У него что-то не сработало, не связалось с базой в тот день, когда нас навестили ракетные штурмовики, и тогда он решил подождать. Думаю, теперь у него тоже все готово. Утром перед самым рассветом он нанесет свой удар. За пять минут до старта от этой ракеты останутся одни обломки.
Казалось, какое-то темное знание бродило рядом с их костром и пророчествовало устами друга. Чтобы разрушать этот странный колдовской круг, Глеб проговорил, усмехнувшись:
— Ты можешь противопоставить этому что-нибудь конкретное? Ты можешь что-нибудь предложить? Что-нибудь такое, чего мы не учли, что могли бы сделать и не сделали?
— Да. Мы должны стартовать немедленно — сейчас, когда он этого не ждет.
— Послушай, Юрий, откуда ему может быть известно о времени старта? Только мы с тобой о нем знаем.
— Ты часто говорил мне о своей интуиции, о том, сколько раз она тебя выручала, а сегодня поверь моей: старт надо перенести.
— Ну хорошо. Раз ты так настаиваешь. Теперь давай поспим. У нас в запасе не меньше пяти часов.
Последнюю ночь решили провести в ракете. Глебу удалось заснуть лишь далеко за полночь.
Ему приснился рыцарь в черных доспехах. Он сидел рядом с ним в рубке управления.

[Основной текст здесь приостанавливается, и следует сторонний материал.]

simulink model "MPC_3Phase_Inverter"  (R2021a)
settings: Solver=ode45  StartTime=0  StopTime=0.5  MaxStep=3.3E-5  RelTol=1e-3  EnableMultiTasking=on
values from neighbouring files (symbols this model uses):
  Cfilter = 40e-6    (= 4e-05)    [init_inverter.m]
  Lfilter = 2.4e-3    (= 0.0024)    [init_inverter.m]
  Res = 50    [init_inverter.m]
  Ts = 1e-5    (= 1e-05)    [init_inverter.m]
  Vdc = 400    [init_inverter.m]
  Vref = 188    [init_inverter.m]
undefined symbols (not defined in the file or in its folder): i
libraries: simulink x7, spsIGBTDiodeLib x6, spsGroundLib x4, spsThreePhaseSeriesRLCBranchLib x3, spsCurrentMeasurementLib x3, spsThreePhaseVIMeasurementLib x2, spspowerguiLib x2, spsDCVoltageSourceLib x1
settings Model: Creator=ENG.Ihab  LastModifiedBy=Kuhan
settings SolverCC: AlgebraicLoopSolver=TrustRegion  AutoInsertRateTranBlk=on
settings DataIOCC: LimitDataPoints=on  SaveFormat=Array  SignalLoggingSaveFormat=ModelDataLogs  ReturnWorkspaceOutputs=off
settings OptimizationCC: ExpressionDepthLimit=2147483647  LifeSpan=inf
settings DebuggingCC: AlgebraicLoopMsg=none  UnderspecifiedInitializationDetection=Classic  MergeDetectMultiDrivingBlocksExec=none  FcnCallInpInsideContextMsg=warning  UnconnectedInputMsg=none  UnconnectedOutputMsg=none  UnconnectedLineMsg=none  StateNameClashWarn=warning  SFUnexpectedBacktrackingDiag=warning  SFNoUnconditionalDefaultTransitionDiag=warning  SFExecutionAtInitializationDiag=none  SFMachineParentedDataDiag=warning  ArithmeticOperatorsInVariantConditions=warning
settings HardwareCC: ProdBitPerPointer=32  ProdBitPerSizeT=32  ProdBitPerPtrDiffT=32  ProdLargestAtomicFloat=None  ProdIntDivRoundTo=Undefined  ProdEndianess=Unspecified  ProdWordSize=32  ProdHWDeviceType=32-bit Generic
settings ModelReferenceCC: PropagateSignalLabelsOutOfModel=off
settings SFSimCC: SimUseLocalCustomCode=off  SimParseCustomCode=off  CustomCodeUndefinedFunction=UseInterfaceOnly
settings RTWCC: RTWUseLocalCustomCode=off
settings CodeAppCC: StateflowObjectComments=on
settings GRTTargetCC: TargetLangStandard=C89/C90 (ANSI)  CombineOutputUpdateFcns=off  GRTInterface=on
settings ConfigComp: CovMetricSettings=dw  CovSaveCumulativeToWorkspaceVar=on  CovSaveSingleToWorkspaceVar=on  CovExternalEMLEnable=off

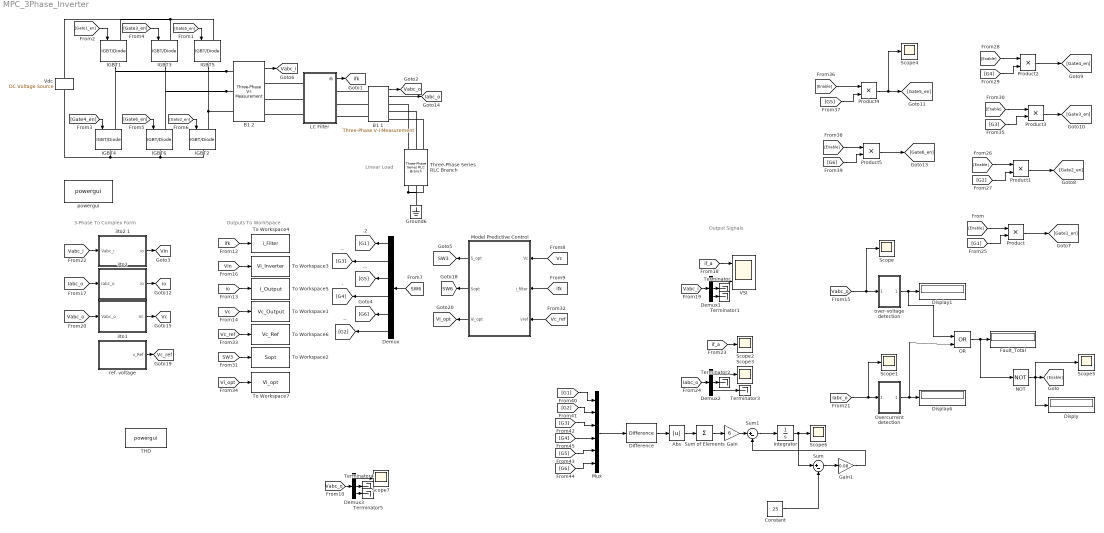
== system MPC_3Phase_Inverter ==
  note: Linear Load
  note: Outputs To WorkSpace
  note: Output Signals
  note: 3-Phase To Complex Form
  3to1 : Subsystem
  "3to2 " : Subsystem
  3to2 1 : Subsystem
  Abs : Abs
  B1 1 : spsThreePhaseVIMeasurementLib/Three-Phase V-I Measurement  VoltageMeasurement=phase-to-ground  SetLabelV=off  LabelV=Vabc  Vpu=off  VpuLL=off  CurrentMeasurement=yes  SetLabelI=off  LabelI=Iabc  Ipu=off  Pbase=100e6  Vbase=500e3  OutputType=Complex  PhasorSimulation=off  PSBequivalent=0
  B1 2 : spsThreePhaseVIMeasurementLib/Three-Phase V-I Measurement  VoltageMeasurement=phase-to-ground  SetLabelV=off  LabelV=Vabc  Vpu=off  VpuLL=off  CurrentMeasurement=no  SetLabelI=off  LabelI=Iabc  Ipu=off  Pbase=100e6  Vbase=500e3  OutputType=Complex  PhasorSimulation=off  PSBequivalent=0
  Constant : Constant  Value=25
  Demux : Demux  Outputs=6
  Demux1 : Demux  Outputs=3
  Demux2 : Demux  Outputs=3
  Demux3 : Demux  Outputs=3
  Difference : simulink/Discrete/Difference  ICPrevInput=0.0  OutMin=[]  OutMax=[]  OutDataType=fixdt(1, 16)  OutScaling=2^-10  DoSatur=off
  Display1 : Display
  Display6 : Display
  Disply : Display
  Fault_Total : Display
  Gain : Gain  Gain=6
  Gain1 : Gain  Gain=0.08
  Ground6 : spsGroundLib/Ground  LConnTagsString=a
  IGBT{1..6} (6 alike) : spsIGBTDiodeLib/IGBT//Diode  Ron=1e-3  Rs=1e5  Cs=inf  Measurements=off
  Integrator : Integrator  InitialCondition=25
  LC Filter : Subsystem
  "Model Predictive Control " : MATLAB Function  TreatAsAtomicUnit=on  mask{Ts=Ts, Cfilter=Cfilter, Lfilter=Lfilter, Vdc=Vdc}
      mask prompts: Ts "Sampling Time"; Cfilter "Filter Capacitor"; Lfilter "Filter Inductance"; Vdc "Input DC Voltage"
  Mux : Mux  Inputs=6
  NOT : Logic  Operator=NOT  IconShape=distinctive  AllPortsSameDT=off  OutDataTypeStr=boolean
  OR : Logic  Operator=OR  IconShape=distinctive  AllPortsSameDT=off  OutDataTypeStr=boolean
  Overcurrent detection : Subsystem
  Product{,1..5} (6 alike) : Product
  Scope{,1..7} (8 alike) : Scope
  Sum : Sum  Inputs=|+-
  Sum of Elements : Sum  Inputs=+
  Sum1 : Sum  Inputs=|+-
  THD : spspowerguiLib/powergui  Priority=1  SimulationMode=Continuous  SampleTime=50e-6  frequency=60  Iterations=50  frequencyindice=60  Pbase=100e6  ErrMax=1e-4  UnitsV=kV  UnitsW=MW  buscounter=0  FunctionMessages=off  echomessages=off  EnableUseOfTLC=off  CurrentSourceSwitches=off  DisableSnubberDevices=off  DisableRonSwitches=off  DisableVfSwitches=off  DisplayEquations=off  AutomaticDiscreteSolvers=off  SolverType=Tustin/Backward Euler (TBE)  Interpol=off  ExternalGateDelay=off  methode=off  Ts=100  x0status=blocks  SPID=on  SwTol=0  HookPort=off  NonlinearTolerance=1e-4  nMaxIteration=100  ContinueOnMaxIteration=off  RestoreLinks=warning  ResistiveCurrentMeasurement=off  Frange=[0:2:500]  Ylog=off  Xlog=on  ShowGrid=off  save=off  variable=ZData  structure=0  ZoomFFT=off  StartTime=0.0  cycles=1  DisplayStyle=1  fundamental=60  FreqAxis=off  MaxFrequency=1000  frequencyindicesteady=1  RmsSteady=1  display=off
  Terminator{,1..5} (6 alike) : Terminator
  Three-Phase Series RLC Branch : spsThreePhaseSeriesRLCBranchLib/Three-Phase Series RLC Branch  LConnTagsString=A|B|C  RConnTagsString=A|B|C  BranchType=R  Resistance=Res  Inductance=0.01  Capacitance=40e-6  Measurements=None
  To Workspace1 : ToWorkspace  VariableName=Vc_Output  SampleTime=-1
  To Workspace2 : ToWorkspace  VariableName=Sopt  SaveFormat=Structure With Time  SampleTime=-1
      settings: Save2DSignal=2-D array (concatenate along first dimension)
  To Workspace3 : ToWorkspace  VariableName=Vi_Inverter  SampleTime=-1
  To Workspace4 : ToWorkspace  VariableName=i_Filter  SampleTime=-1
  To Workspace5 : ToWorkspace  VariableName=i_Output  SampleTime=-1
  To Workspace6 : ToWorkspace  VariableName=Vc_Ref  SampleTime=-1
  To Workspace7 : ToWorkspace  VariableName=Vi_opt  SampleTime=-1
      settings: Save2DSignal=2-D array (concatenate along first dimension)
  VSI : Scope  NumInputPorts=2
  Vdc : spsDCVoltageSourceLib/DC Voltage Source  Description=source block  Amplitude=Vdc  Measurements=None
      settings: AttributesFormatString=\n
  over-voltage detection : Subsystem
  powergui : spspowerguiLib/powergui  SimulationMode=Discrete  SampleTime=Ts  frequency=60  Iterations=50  frequencyindice=0  Pbase=100e6  ErrMax=1e-4  UnitsV=kV  UnitsW=MW  buscounter=0  FunctionMessages=off  echomessages=off  EnableUseOfTLC=off  CurrentSourceSwitches=off  DisableSnubberDevices=off  DisableRonSwitches=off  DisableVfSwitches=off  DisplayEquations=off  AutomaticDiscreteSolvers=off  SolverType=Tustin/Backward Euler (TBE)  Interpol=off  ExternalGateDelay=off  methode=off  Ts=100  x0status=blocks  SPID=off  SwTol=0  HookPort=off  NonlinearTolerance=1e-4  nMaxIteration=100  ContinueOnMaxIteration=off  RestoreLinks=warning  ResistiveCurrentMeasurement=off  Frange=[0:2:500]  Ylog=off  Xlog=on  ShowGrid=off  save=off  variable=ZData  structure=Outputs  ZoomFFT=off  StartTime=0.07  cycles=2  DisplayStyle=1  fundamental=50  FreqAxis=on  MaxFrequency=2000  frequencyindicesteady=1  RmsSteady=2  display=off
  ref. voltage : Subsystem
  tag scope: Iabc_o=global, SW3=global, SW6=global, Vabc_i=global, Vabc_o=global, Vc=global, Vc_ref=global, Vi_opt=global, Vin=global, ifk=global, io=global
  wires:
  LC Filter/1(ifk) -> [ifk]
  [Gate4_en] -> IGBT4/1
  [Gate3_en] -> IGBT3/1
  [Gate6_en] -> IGBT6/1
  [Gate2_en] -> IGBT2/1
  [Gate5_en] -> IGBT5/1
  [Gate1_en] -> IGBT1/1
  Demux/1 -> [G1]
  Demux/2 -> [G3]
  Demux/3 -> [G5]
  Demux/4 -> [G4]
  Demux/5 -> [G6]
  Demux/6 -> [G2]
  "Model Predictive Control "/1(S_opt) -> [SW3]
  [SW6] -> Demux/1
  [Vc] -> "Model Predictive Control "/1(Vc)
  [ifk] -> "Model Predictive Control "/2(i_filter)
  [ifk] -> To Workspace4/1
  [Vin] -> To Workspace3/1
  "3to2 "/1(io) -> [io]
  3to1/1(Vc) -> [Vc]
  [io] -> To Workspace5/1
  [Vc] -> To Workspace1/1
  [SW3] -> To Workspace2/1
  "Model Predictive Control "/2(Sopt) -> [SW6]
  [Vc_ref] -> "Model Predictive Control "/3(vref)
  [Vc_ref] -> To Workspace6/1
  ref. voltage/1(v_Ref) -> [Vc_ref]
  "Model Predictive Control "/3(Vi_opt) -> [Vi_opt]
  [Vi_opt] -> To Workspace7/1
  B1 1/2 -> [Iabc_o]
  [Iabc_o] -> "3to2 "/1("Iabc_o ")
  B1 1/1 -> [Vabc_o]
  [Vabc_o] -> 3to1/1("Vabc_o ")
  B1 2/1 -> [Vabc_i]
  [Vabc_i] -> 3to2 1/1("Vabc_i ")
  3to2 1/1(io) -> [Vin]
  [if_a] -> VSI/1
  Demux1/2 -> Terminator/1
  [Vabc_i] -> Demux1/1
  Demux1/1 -> VSI/2
  Demux1/3 -> Terminator1/1
  [Vabc_o] -> over-voltage detection/1(In1), Scope/1
  [if_a] -> Scope2/1
  Demux2/3 -> Terminator3/1
  [Iabc_o] -> Demux2/1
  Demux2/2 -> Terminator2/1
  Demux2/1 -> Scope3/1
  [Iabc_o] -> Scope1/1, Overcurrent detection/1(In1)
  Overcurrent detection/1(Out1) -> OR/2, Display6/1
  over-voltage detection/1(Out1) -> OR/1, Display1/1
  OR/1 -> NOT/1, Fault_Total/1
  [Enable] -> Product/1
  [G1] -> Product/2
  Product/1 -> [Gate1_en]
  [Enable] -> Product1/1
  [G2] -> Product1/2
  Product1/1 -> [Gate2_en]
  [G4] -> Product2/2
  Product2/1 -> [Gate4_en]
  [Enable] -> Product2/1
  [G3] -> Product3/2
  Product3/1 -> [Gate3_en]
  [Enable] -> Product3/1
  [G5] -> Product4/2
  [Enable] -> Product4/1
  Product4/1 -> Scope4/1, [Gate5_en]
  [G6] -> Product5/2
  [Enable] -> Product5/1
  Product5/1 -> [Gate6_en]
  NOT/1 -> Scope5/1, Disply/1, [Enable]
  Difference/1 -> Abs/1
  [G1] -> Mux/1
  [G2] -> Mux/2
  [G4] -> Mux/4
  [G3] -> Mux/3
  [G5] -> Mux/5
  [G6] -> Mux/6
  Mux/1 -> Difference/1
  Abs/1 -> Sum of Elements/1
  Sum of Elements/1 -> Gain/1
  Integrator/1 -> Sum/1, Scope6/1
  Constant/1 -> Sum/2
  Sum/1 -> Gain1/1
  Gain/1 -> Sum1/1
  Sum1/1 -> Integrator/1
  Gain1/1 -> Sum1/2
  Demux3/3 -> Terminator5/1
  Demux3/1 -> Scope7/1
  [Vabc_o] -> Demux3/1
  Demux3/2 -> Terminator4/1
  connections:
  IGBT2/RConn1 -- IGBT6/RConn1 -- Vdc/LConn1 -- IGBT4/RConn1
  IGBT1/LConn1 -- Vdc/RConn1 -- IGBT3/LConn1 -- IGBT5/LConn1
  B1 2/LConn1 -- IGBT4/LConn1 -- IGBT1/RConn1
  IGBT5/RConn1 -- B1 2/LConn3 -- IGBT2/LConn1
  B1 2/LConn2 -- IGBT6/LConn1 -- IGBT3/RConn1
  B1 1/LConn3 -- LC Filter/RConn3
  B1 1/LConn2 -- LC Filter/RConn2
  B1 1/LConn1 -- LC Filter/RConn1
  Three-Phase Series RLC Branch/RConn1 -- B1 1/RConn1
  Three-Phase Series RLC Branch/RConn2 -- B1 1/RConn2
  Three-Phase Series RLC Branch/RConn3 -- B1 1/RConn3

— Похоже, у тебя все готово? — спросил рыцарь. — Я надеялся, что ты вовремя остановишься, я предупреждал тебя много раз. Но ты относишься к тем упрямцам, которые готовы пожертвовать жизнью, раз уж они решили перепрыгнуть через пропасть. У тебя нет для этого крыльев. Будь хотя бы реалистом.
Глеб упрямо молчал.
— Ты ведь уже отдал все, что у тебя было. Сначала здоровье в Афгане, потом пожертвовал своей первой настоящей любовью… Ведь ты ею пожертвовал, Глеб, сейчас вы оба могли бы быть далеко отсюда, и только ты виноват в той страшной судьбе, которая выпала на долю твоей любимой. Скажи мне, хотя бы раскаяние ты чувствуешь?
Глеб честно прислушался к себе и не ощутил ничего, кроме той последней, скорбной ярости, оставшейся на долю бойцу, вступившему на дорогу мести, на дорогу, с которой не бывает возврата…
— Ты отдал в чужие руки единственную свою драгоценность — Книгу, которую тебе поручено было хранить. Даже ее ты потерял. Скажи же, наконец, хотя бы самому себе, ради чего были принесены все эти жертвы?
И, не дождавшись ответа, рыцарь закончил:
— Ты даже не знаешь, чего ты хочешь. Ты идешь вперед, не думая о последствиях и не видя цели. Ты из породы тех людей, для кого сама дорога является целью. И ты будешь идти так до самого конца.
Не то вопрос, не то утверждение. Впервые в глубоком, бархатном, идущем со всех сторон голосе послышалась некоторая неуверенность.
— Я хочу твоей гибели, — неожиданно для самого себя ответил Глеб.
— Но это бессмысленно. Зло нельзя уничтожить. Оно бессмертно, и все твои усилия тщетны.
— Убирайся! — прохрипел Глеб, не разжимая губ. — Тебе меня не остановить.
И рыцарь исчез. В покрытый инеем незадраенный иллюминатор светила яркая луна. Туман над болотом рассеялся, и в кабину снаружи пробрался ледяной холод, от которого не мог уберечь даже пуховый спальник.
Часы на его руке показывали половину пятого утра. Пора было будить Крушинского и начинать предстартовую подготовку.